そんな私も自己検証の重要性を思い知らされたことがありました。コチラの記事(オンライン日本語教師は「孤独」なのか?【Cotoの取り組み】)でもご紹介しましたが、Cotoのオンラインには、互助会という取り組みがあります。これはレッスンの録画を見て教師同士が学び合うというものですが、私は自分の録画をみて、「あの〜」「え~」という口癖が思ったよりもずっと出ていることに愕然としました。

実は別の仕事の関係で、自分のプレゼンの録画(聞き手は日本人)を見たのですが、こちらにはほとんど口癖は出ていませんでした。なのに!日本語レッスン中には口癖が出ることが多い…。なぜ…?

理由を考えてみたところ、できるだけ学生さんが分かる日本語で説明したくて、「学生さんが分かる表現は…」と言葉選びをしている時の時間稼ぎに、無意識に口癖が出ていることが分かりました。

自分の癖を直視することは、正直言ってあまり快いものではありません。でも、日本語教師は学生さんへの影響が大きい存在であることを考えると、自己検証は避けて通れなさそうです。。

指摘するときの心理的抵抗感を下げるには?

学生さんの気になる口癖を直せるのは日本語教師だけだ!…というものの、なかなか指摘しづらいのではないでしょうか。それは、私もです。。

ただ、気になったところは間髪入れず直す!というマインドセットが時には必要だと思います。なぜなら、放置期間が長くなるほど化石化が進み、直しにくくなるからです。

それに、だいぶ経ってから指摘すると、「えっ…今更?今まで何も言ってこなかったよね?」と不信感を抱かれてしまうかもしれません。

フリートーク時は、いちいち指摘すると話の流れが悪くなったり、気分を妨げてしまったりするので、そのタイミングでは直さなくてもいいのかなと思います。学生さんが身構えて、口が重くなってしまうのは本末転倒ですよね。

会話練習やロールプレイ・短いスピーチなどのメタ言語環境下、つまり「私はこの場面の登場人物にすぎない」という状況下で直すのはいかがでしょうか?

このような練習の後では、教師のフィードバックがあるのが普通なので、直されるほうも直すほうにも心理的負担が少ないかなと思います。

それからやはり一番いいのは、学生さんが自分で気づき、自覚することだと思います。語学教育の場に限りませんが、自分の修正点は他者から指摘されるよりも、自分で気づき自分で考えて改善する方が主体的行動がとれるため、学習効果が高いと考えます。

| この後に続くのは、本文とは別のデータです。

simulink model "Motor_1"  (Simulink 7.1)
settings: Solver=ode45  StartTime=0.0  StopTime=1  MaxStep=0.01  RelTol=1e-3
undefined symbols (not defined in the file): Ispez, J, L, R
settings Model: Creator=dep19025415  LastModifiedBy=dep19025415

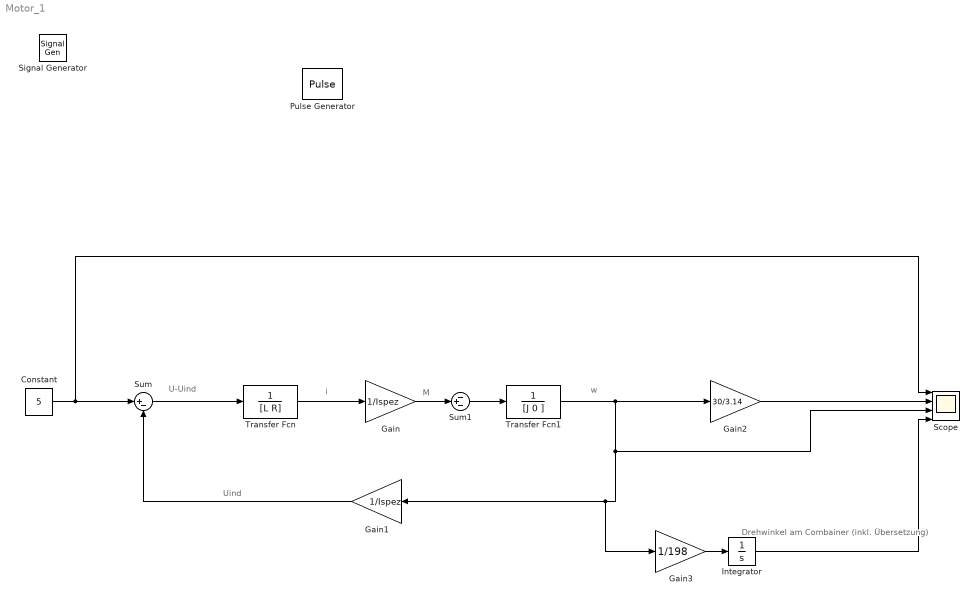
== system Motor_1 ==
  note: Uind
  note: U-Uind
  note: i
  note: M
  note: w
  note: Drehwinkel am Combainer
      |  (inkl. Übersetzung)
  Constant : Constant  Value=5  OutDataType=sfix(16)  OutScaling=2^0
  Gain : Gain  Gain=1/Ispez  ParameterDataType=sfix(16)  ParameterScaling=2^0  OutDataType=sfix(16)  OutScaling=2^0
  Gain1 : Gain  Orientation=left  Gain=1/Ispez  ParameterDataType=sfix(16)  ParameterScaling=2^0  OutDataType=sfix(16)  OutScaling=2^0
  Gain2 : Gain  Gain=30/3.14  ParameterDataType=sfix(16)  ParameterScaling=2^0  OutDataType=sfix(16)  OutScaling=2^0
  Gain3 : Gain  Gain=1/198  ParameterDataType=sfix(16)  ParameterScaling=2^0  OutDataType=sfix(16)  OutScaling=2^0
  Integrator : Integrator
  Pulse Generator : DiscretePulseGenerator  PulseType=Time based  Amplitude=8  Period=1  PulseWidth=2  SampleTime=0.1  VectorParams1D=off
  Scope : Scope  NumInputPorts=4
      settings: YMin=-10~0~-5~-5  YMax=10~5000~5~5
  Signal Generator : SignalGenerator
  Sum : Sum  Inputs=|+-  OutDataType=sfix(16)  OutScaling=2^0
  Sum1 : Sum  Inputs=-+-  OutDataType=sfix(16)  OutScaling=2^0
  Transfer Fcn : TransferFcn  Denominator=[L R]
  Transfer Fcn1 : TransferFcn  Denominator=[J 0 ]
  wires:
  Transfer Fcn/1 -> Gain/1
  Transfer Fcn1/1 -> Scope/3, Gain1/1, Gain3/1, Gain2/1
  Sum/1 -> Transfer Fcn/1
  Gain1/1 -> Sum/2
  Gain2/1 -> Scope/2
  Gain/1 -> Sum1/2
  Sum1/1 -> Transfer Fcn1/1
  Integrator/1 -> Scope/4
  Gain3/1 -> Integrator/1
  Constant/1 -> Sum/1, Scope/1

コチラの記事(気になる学生の口癖 日本語教師としてどう捉える?)でもご紹介しましたが、ロープレやスピーチの録画を見て、気づいたことを話してもらい、一緒にどうやって改善するかを考える…、教師はその気づきのサポートをする役割ですね。

というわけで今回は、学生の口癖についての第2弾として、よくある口癖・マインドセット・心理的抵抗感の下げ方について考えてきました。

口癖は多用や誤用には気をつけたいところですが、その人らしさを表す個性でもあると思います。そのため、「これは気になるから使わないようにして」と否定的な指摘をすると、まるで個性までも否定されたかのような感覚が残ってしまうかもしれません。「ここはこう言い換えたほうがもっと自然ですよ」「こういう言い方もあるから使ってみて」などと肯定的な表現で伝えられたらいいですよね。